Mayor Robert Wagner and his police commissioner put Harlem under virtual martial law, outlawing demonstrations, rallies and marches. Civil rights misleaders tried to control the crowd by calling for “peaceful protest,” but were ignored. The phony “leftist” Communist Party USA (CPUSA) backed these reformist pleas for peace at any price. PLM was the only force to give political direction to the spontaneous rebellion.
Thousands of PLM posters declaring, “WANTED FOR MURDER, GILLIGAN THE COP!” were circulated throughout Harlem and beyond. Thousands of copies of CHALLENGE—first published a few weeks earlier—were distributed.
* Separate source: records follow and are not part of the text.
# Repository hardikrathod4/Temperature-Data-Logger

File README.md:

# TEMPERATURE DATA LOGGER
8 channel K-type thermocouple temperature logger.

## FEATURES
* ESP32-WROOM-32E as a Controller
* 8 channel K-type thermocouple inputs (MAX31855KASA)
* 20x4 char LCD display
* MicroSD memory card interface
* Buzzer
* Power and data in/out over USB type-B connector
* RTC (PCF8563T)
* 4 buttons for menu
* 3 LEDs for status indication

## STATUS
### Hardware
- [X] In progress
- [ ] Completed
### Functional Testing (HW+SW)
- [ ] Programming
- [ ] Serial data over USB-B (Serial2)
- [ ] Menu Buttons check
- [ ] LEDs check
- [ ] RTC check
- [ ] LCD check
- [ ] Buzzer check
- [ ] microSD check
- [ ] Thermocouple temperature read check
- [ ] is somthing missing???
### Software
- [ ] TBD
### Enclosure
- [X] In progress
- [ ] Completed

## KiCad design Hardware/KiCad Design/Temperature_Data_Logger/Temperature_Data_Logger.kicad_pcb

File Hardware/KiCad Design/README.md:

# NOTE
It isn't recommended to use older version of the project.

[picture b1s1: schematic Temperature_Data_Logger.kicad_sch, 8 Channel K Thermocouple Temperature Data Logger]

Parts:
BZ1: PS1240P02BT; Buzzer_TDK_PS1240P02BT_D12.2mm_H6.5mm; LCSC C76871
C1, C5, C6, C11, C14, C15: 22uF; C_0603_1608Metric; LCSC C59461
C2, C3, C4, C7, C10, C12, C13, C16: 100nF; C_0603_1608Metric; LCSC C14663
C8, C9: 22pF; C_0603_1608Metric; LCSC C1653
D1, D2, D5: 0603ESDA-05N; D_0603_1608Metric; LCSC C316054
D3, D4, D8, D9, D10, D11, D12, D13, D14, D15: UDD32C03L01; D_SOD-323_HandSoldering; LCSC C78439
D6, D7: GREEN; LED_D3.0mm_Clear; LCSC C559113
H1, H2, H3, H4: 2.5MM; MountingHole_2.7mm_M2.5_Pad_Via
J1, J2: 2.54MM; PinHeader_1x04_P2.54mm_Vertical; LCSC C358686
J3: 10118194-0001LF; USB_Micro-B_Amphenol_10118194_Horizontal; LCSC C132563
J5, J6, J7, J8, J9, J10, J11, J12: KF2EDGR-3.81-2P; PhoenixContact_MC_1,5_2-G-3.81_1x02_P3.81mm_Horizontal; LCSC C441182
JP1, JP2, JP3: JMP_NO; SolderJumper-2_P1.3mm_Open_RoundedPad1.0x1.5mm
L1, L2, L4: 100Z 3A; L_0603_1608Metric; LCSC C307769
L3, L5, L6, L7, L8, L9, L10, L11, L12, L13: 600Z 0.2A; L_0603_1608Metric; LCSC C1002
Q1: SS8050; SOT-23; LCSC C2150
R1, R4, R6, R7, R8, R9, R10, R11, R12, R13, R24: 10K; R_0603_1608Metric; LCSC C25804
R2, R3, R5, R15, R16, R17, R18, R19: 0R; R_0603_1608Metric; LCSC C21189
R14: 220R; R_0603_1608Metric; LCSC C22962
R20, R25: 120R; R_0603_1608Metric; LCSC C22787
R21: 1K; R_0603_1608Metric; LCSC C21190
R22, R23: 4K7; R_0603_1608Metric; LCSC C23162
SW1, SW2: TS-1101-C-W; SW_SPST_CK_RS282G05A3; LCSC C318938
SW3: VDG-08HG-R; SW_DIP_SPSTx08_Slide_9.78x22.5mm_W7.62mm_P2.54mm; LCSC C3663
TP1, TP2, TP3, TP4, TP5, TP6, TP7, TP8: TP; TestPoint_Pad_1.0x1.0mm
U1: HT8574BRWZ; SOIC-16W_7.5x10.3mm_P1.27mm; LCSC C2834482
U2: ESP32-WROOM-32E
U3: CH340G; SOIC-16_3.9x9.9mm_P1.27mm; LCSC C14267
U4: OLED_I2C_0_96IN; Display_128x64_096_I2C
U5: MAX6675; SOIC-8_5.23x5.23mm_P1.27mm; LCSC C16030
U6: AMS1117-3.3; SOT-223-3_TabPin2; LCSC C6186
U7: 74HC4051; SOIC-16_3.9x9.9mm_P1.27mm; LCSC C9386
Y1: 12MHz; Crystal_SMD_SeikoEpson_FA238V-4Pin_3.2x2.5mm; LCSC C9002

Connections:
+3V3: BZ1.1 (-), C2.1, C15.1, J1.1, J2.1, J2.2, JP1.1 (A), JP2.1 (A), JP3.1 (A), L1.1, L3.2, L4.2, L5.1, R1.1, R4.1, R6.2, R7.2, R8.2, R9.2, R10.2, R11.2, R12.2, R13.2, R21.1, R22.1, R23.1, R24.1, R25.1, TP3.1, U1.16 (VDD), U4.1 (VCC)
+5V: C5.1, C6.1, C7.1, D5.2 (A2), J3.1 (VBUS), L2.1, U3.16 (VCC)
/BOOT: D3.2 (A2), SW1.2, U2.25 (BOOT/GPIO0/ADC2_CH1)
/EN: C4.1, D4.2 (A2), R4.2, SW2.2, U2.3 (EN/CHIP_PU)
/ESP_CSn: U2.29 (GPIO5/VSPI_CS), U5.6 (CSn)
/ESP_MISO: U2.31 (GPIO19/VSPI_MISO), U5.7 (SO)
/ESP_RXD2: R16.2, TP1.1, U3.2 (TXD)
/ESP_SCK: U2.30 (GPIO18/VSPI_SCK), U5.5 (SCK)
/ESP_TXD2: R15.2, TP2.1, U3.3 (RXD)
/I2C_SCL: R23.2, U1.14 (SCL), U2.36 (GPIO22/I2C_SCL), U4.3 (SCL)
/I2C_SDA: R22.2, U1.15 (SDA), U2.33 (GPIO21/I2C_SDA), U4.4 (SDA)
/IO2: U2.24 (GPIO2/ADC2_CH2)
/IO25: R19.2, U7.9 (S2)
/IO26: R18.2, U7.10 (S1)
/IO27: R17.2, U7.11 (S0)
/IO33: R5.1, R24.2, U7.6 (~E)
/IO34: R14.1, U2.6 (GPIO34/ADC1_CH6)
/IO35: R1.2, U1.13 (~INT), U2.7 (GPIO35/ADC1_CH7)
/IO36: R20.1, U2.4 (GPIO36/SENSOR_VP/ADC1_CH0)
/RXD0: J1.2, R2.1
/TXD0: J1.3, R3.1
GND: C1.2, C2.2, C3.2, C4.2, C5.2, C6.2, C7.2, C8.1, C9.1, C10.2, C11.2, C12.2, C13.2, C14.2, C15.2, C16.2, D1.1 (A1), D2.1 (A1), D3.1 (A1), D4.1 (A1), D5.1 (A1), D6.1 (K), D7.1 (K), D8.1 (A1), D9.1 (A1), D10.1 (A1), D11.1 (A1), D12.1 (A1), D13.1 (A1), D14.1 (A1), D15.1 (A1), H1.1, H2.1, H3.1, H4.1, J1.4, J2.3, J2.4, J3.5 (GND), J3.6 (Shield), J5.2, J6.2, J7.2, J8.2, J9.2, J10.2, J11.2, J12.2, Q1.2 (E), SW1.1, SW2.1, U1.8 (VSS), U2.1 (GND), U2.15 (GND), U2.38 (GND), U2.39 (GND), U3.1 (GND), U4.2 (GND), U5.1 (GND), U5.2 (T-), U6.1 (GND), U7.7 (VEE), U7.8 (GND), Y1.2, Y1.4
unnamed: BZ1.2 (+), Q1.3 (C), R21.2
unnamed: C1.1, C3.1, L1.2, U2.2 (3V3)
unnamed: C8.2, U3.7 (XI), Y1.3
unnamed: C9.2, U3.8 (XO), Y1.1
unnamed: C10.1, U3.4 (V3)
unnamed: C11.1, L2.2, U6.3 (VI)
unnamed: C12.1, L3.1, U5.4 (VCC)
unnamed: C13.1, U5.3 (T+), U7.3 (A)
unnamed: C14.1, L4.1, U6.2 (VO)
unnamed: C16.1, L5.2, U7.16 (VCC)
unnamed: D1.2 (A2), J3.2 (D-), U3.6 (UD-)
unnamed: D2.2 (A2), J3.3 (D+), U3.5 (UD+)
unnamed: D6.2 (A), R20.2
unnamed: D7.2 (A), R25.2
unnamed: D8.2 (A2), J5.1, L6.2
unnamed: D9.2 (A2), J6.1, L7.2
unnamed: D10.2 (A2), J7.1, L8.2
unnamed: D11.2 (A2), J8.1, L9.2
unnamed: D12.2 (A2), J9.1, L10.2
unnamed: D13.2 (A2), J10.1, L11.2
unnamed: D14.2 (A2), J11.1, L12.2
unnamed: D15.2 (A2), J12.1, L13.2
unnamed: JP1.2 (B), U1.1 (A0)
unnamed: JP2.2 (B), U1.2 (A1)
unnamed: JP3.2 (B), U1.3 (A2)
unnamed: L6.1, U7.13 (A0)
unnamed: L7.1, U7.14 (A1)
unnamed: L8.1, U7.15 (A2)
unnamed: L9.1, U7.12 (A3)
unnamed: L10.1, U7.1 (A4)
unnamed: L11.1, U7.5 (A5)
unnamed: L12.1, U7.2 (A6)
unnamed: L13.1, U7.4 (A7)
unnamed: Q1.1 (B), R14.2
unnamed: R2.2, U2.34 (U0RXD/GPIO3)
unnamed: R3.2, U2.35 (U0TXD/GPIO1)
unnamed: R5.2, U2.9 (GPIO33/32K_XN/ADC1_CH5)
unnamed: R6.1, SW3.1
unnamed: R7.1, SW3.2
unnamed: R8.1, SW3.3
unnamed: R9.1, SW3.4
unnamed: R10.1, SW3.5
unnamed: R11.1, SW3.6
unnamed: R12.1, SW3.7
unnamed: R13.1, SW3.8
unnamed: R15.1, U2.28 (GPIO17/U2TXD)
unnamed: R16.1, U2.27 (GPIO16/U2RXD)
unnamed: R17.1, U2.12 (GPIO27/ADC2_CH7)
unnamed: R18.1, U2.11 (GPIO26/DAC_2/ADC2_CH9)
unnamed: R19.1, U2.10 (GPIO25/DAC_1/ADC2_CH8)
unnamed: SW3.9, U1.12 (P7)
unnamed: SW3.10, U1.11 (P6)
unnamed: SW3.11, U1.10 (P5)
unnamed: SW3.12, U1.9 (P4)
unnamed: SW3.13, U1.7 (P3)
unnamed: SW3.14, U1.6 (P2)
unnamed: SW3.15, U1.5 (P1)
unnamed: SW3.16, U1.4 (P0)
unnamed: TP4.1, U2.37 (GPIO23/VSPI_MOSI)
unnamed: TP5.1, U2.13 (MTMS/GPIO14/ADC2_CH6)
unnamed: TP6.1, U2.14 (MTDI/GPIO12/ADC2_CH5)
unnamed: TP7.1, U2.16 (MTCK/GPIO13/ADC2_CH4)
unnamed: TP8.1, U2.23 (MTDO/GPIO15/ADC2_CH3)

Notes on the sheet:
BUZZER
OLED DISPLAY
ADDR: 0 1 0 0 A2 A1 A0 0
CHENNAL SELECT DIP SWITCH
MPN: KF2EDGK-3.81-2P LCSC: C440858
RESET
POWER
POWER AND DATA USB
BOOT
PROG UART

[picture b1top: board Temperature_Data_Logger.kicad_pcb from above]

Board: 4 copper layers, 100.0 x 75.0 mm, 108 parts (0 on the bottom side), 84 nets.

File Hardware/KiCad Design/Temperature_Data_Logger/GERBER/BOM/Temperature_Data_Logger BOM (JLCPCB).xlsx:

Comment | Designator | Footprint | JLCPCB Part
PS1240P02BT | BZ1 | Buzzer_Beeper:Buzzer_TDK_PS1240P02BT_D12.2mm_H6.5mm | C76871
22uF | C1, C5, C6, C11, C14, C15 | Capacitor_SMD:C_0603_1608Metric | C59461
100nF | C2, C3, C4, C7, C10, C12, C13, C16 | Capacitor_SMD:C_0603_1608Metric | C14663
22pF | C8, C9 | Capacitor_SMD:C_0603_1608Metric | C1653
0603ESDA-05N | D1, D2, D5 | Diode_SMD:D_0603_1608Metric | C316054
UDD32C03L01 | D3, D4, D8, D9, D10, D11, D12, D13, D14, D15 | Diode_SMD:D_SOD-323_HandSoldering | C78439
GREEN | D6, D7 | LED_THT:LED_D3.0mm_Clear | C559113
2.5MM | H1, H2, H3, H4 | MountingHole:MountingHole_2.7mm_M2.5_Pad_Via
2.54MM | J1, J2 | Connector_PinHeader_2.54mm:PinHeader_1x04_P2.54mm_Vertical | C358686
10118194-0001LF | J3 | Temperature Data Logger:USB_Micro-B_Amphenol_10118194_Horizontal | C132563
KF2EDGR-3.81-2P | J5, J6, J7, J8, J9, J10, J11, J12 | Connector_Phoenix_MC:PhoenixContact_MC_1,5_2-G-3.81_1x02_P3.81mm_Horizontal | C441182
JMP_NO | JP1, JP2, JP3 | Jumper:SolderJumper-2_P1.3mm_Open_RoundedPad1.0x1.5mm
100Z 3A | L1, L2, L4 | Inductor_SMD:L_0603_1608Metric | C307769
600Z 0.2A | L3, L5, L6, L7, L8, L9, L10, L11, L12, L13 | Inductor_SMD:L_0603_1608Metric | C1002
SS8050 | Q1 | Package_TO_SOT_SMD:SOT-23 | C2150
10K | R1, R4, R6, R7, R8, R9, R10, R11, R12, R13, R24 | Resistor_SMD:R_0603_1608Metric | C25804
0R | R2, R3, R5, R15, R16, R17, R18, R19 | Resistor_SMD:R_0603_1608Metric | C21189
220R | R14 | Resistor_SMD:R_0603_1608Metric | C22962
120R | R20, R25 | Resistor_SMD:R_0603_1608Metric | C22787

Rebels marched in the streets with the paper’s front page as their flag.
PLM pointed out that the rebellion was also directed against Harlem’s pervasive racist conditions: an unemployment rate three times as high as the city as a whole; half the city’s average family income; three times the ratio of substandard housing; nearly twice the infant mortality rate. Black women workers were and are the most exploited section of the working class. This fight against racism was yoked to the fight against sexism. Though anti-sexist class-consciousness was not at the forefront, the Rebellion was also a fight against these sexist living and working conditions in Harlem.
Bosses Attack PL
The bosses’ media viciously attacked PL for “inciting riots.” The CPUSA called us “adventurist.” Our leaders’ lives were threatened, and they were tailed by the cops’ Red Squad 24 hours a day. Several were arrested for defying the rulers’ bans on demonstrations and for “inciting to riot,” which carried a potential sentence of 20 years in jail.
Specifically, PLM was enjoined from organizing marches between 110th Street and 155th Street for the whole width of Manhattan. We defied the ban and led a demonstration in the heart of Harlem. The Harlem PLM chapter leader was convicted and jailed for “inciting a riot,” as were the printers who made the Gilligan poster. Dozens of PL’ers and friends were subpoenaed before a grand jury and threatened with contempt citations, and several were convicted and served prison time. An international defense campaign was launched; leftist philosophers Bertrand Russell and Jean-Paul Sartre, among others, spoke out on our members’ behalf.
Although the rebellion soon subsided, our Party’s reputation stayed strong in Black communities throughout the U.S. In San Francisco, where we had been virtually unknown, nearly 500 militant Black workers and youth turned out to hear a PLM leader give an eyewitness report of the Harlem struggle. Following Harlem, more than 100 cities nationwide, not content with “cooling it,” felt the torch of rebellion.
Our role in the Harlem Rebellion is a testament to PL’s lifelong committment to fighting racism. This is part and parcel of defeating capitalism. We envision a world where the very concept of race will be abolished. We will build a communist society where all workers have the same opportunity to use all their potential to advance humanity and the planet. Join us in building the next generation of international leaders against racism.